Dataset entries
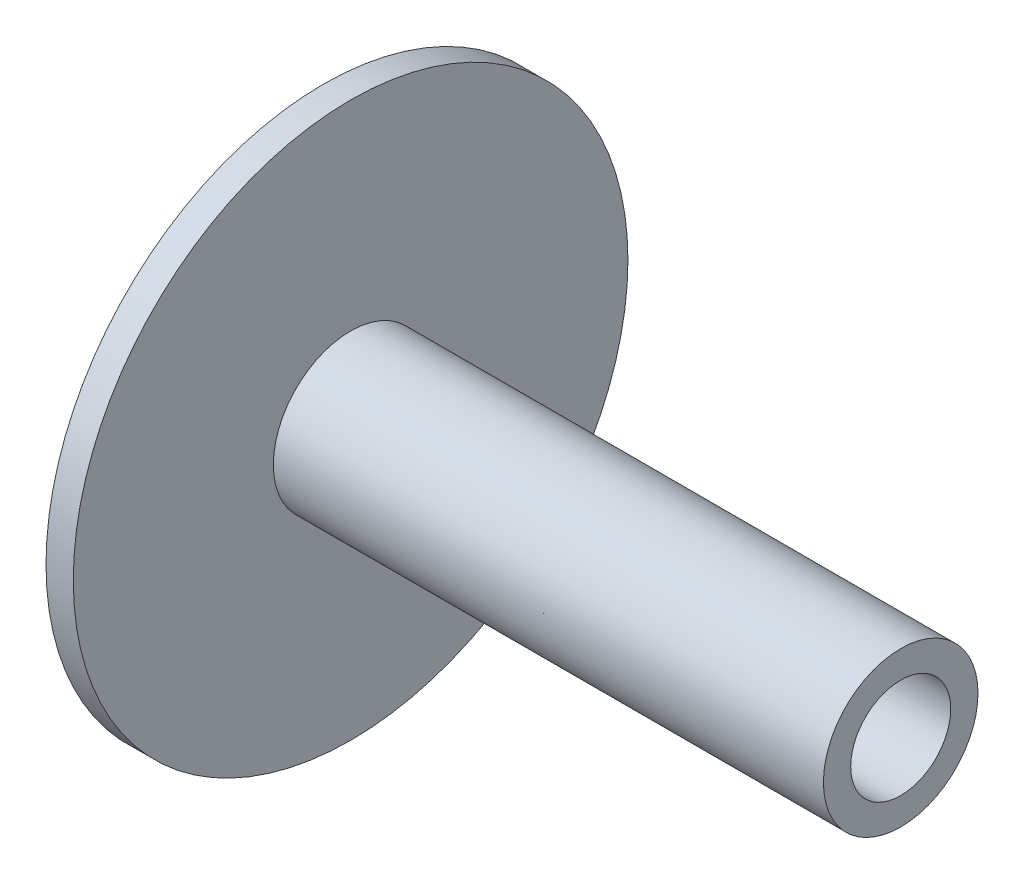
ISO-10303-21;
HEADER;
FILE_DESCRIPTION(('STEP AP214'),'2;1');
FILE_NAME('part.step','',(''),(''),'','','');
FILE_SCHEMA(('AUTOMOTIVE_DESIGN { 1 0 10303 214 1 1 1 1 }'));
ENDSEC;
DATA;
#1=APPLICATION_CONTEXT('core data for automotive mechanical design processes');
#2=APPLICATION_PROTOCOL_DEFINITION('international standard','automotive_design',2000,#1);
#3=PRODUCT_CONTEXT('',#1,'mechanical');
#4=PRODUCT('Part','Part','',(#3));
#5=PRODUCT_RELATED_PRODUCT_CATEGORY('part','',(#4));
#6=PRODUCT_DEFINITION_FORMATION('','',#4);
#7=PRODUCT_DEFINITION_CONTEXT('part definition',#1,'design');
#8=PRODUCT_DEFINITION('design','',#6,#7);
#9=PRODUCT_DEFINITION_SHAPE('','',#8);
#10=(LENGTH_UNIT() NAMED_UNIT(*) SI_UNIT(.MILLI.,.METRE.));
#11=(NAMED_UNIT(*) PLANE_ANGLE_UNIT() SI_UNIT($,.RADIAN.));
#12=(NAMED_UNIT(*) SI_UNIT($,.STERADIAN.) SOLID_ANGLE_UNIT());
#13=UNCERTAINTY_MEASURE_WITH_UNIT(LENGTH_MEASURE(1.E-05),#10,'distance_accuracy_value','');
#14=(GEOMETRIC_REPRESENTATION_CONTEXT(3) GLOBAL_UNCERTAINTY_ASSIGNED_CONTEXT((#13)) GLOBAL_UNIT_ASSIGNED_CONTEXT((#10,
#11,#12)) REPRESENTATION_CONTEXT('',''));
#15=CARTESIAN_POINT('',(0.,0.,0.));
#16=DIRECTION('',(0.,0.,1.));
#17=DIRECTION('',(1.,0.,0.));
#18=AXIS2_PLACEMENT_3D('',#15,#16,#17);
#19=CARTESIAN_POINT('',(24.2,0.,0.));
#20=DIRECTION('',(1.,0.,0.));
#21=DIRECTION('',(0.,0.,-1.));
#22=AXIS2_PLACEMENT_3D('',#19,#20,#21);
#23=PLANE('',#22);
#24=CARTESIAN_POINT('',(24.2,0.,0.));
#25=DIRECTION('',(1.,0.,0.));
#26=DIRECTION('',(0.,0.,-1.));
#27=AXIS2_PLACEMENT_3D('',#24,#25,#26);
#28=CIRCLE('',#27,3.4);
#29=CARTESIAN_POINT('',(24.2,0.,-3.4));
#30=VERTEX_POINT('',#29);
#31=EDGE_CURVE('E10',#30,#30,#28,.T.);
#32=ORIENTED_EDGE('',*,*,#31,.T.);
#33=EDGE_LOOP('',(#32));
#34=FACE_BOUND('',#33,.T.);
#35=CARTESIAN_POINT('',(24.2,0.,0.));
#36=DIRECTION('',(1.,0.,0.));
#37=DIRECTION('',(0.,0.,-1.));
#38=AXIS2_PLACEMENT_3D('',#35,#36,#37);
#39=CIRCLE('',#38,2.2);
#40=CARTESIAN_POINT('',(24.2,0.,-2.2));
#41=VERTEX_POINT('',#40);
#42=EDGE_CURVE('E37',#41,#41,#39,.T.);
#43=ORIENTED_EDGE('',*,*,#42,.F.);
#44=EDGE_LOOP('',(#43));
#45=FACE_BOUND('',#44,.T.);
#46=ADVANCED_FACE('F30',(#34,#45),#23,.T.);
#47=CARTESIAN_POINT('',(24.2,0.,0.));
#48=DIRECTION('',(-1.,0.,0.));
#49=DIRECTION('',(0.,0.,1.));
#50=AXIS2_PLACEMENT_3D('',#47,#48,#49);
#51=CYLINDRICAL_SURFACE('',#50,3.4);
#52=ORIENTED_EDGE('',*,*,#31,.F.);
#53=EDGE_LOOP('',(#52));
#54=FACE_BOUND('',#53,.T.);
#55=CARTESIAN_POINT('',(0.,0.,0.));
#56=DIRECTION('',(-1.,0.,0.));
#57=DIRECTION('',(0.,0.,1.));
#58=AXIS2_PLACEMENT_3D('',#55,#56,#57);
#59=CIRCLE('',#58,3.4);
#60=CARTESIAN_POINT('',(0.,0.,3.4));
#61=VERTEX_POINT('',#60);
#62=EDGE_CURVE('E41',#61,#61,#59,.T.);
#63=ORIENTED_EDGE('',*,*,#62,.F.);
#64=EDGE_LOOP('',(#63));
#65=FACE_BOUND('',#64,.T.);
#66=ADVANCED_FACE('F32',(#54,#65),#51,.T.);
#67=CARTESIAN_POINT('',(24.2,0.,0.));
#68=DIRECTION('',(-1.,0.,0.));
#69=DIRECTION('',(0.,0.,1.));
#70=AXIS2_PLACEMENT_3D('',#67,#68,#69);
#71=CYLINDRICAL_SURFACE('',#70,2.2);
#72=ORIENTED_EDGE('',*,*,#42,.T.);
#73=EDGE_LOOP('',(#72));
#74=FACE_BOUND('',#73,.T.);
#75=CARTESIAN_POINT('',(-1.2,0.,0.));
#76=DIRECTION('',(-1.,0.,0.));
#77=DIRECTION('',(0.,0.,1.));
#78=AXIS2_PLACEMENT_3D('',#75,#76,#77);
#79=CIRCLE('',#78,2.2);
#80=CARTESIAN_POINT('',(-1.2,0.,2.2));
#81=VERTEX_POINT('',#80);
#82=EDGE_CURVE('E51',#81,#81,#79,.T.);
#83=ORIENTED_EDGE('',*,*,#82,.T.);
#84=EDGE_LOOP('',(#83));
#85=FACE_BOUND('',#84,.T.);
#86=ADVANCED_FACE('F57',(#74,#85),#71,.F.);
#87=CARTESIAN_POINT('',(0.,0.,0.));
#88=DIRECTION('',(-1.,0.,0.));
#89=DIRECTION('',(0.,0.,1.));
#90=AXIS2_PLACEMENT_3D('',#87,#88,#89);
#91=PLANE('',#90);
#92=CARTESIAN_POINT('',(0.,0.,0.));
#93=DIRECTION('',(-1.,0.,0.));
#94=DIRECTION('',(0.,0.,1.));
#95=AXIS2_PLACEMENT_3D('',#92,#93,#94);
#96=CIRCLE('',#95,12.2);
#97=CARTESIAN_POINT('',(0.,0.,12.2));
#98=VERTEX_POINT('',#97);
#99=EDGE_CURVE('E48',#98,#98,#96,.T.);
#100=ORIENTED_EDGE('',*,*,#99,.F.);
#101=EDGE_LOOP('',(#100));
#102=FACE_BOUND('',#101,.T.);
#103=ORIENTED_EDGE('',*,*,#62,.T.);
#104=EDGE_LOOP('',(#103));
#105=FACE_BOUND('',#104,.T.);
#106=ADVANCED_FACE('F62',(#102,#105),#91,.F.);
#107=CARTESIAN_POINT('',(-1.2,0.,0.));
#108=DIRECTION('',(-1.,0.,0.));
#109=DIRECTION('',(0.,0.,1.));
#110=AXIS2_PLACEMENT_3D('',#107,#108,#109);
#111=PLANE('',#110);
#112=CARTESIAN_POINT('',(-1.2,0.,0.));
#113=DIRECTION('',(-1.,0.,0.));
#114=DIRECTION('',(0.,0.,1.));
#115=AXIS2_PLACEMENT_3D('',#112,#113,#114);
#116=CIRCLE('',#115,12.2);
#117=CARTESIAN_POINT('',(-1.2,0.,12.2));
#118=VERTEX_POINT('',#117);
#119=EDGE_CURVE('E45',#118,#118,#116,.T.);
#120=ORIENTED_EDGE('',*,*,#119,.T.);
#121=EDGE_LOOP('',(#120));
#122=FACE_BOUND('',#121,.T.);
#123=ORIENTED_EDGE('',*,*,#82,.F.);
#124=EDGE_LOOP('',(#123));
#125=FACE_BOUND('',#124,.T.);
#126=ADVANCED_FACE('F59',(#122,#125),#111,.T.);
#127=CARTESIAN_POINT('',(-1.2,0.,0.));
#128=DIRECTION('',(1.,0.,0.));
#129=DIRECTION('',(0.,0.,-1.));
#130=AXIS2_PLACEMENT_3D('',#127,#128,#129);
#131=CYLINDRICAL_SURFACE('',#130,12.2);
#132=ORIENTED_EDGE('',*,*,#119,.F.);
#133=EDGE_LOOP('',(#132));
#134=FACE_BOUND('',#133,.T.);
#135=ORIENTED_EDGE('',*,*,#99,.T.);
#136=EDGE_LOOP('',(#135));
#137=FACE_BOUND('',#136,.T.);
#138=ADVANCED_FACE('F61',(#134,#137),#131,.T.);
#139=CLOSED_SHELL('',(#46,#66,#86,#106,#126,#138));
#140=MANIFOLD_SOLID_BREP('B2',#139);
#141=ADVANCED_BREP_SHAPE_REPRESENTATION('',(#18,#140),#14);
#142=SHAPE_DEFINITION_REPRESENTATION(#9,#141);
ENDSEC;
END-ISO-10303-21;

THE PROBLEM
An exact, complete copy of the lines above from the one with "#84=EDGE_LOOP('',(#83));" through the one with "#124=EDGE_LOOP('',(#123));" is the whole answer.

RESPONSE
#84=EDGE_LOOP('',(#83));
#85=FACE_BOUND('',#84,.T.);
#86=ADVANCED_FACE('F57',(#74,#85),#71,.F.);
#87=CARTESIAN_POINT('',(0.,0.,0.));
#88=DIRECTION('',(-1.,0.,0.));
#89=DIRECTION('',(0.,0.,1.));
#90=AXIS2_PLACEMENT_3D('',#87,#88,#89);
#91=PLANE('',#90);
#92=CARTESIAN_POINT('',(0.,0.,0.));
#93=DIRECTION('',(-1.,0.,0.));
#94=DIRECTION('',(0.,0.,1.));
#95=AXIS2_PLACEMENT_3D('',#92,#93,#94);
#96=CIRCLE('',#95,12.2);
#97=CARTESIAN_POINT('',(0.,0.,12.2));
#98=VERTEX_POINT('',#97);
#99=EDGE_CURVE('E48',#98,#98,#96,.T.);
#100=ORIENTED_EDGE('',*,*,#99,.F.);
#101=EDGE_LOOP('',(#100));
#102=FACE_BOUND('',#101,.T.);
#103=ORIENTED_EDGE('',*,*,#62,.T.);
#104=EDGE_LOOP('',(#103));
#105=FACE_BOUND('',#104,.T.);
#106=ADVANCED_FACE('F62',(#102,#105),#91,.F.);
#107=CARTESIAN_POINT('',(-1.2,0.,0.));
#108=DIRECTION('',(-1.,0.,0.));
#109=DIRECTION('',(0.,0.,1.));
#110=AXIS2_PLACEMENT_3D('',#107,#108,#109);
#111=PLANE('',#110);
#112=CARTESIAN_POINT('',(-1.2,0.,0.));
#113=DIRECTION('',(-1.,0.,0.));
#114=DIRECTION('',(0.,0.,1.));
#115=AXIS2_PLACEMENT_3D('',#112,#113,#114);
#116=CIRCLE('',#115,12.2);
#117=CARTESIAN_POINT('',(-1.2,0.,12.2));
#118=VERTEX_POINT('',#117);
#119=EDGE_CURVE('E45',#118,#118,#116,.T.);
#120=ORIENTED_EDGE('',*,*,#119,.T.);
#121=EDGE_LOOP('',(#120));
#122=FACE_BOUND('',#121,.T.);
#123=ORIENTED_EDGE('',*,*,#82,.F.);
#124=EDGE_LOOP('',(#123));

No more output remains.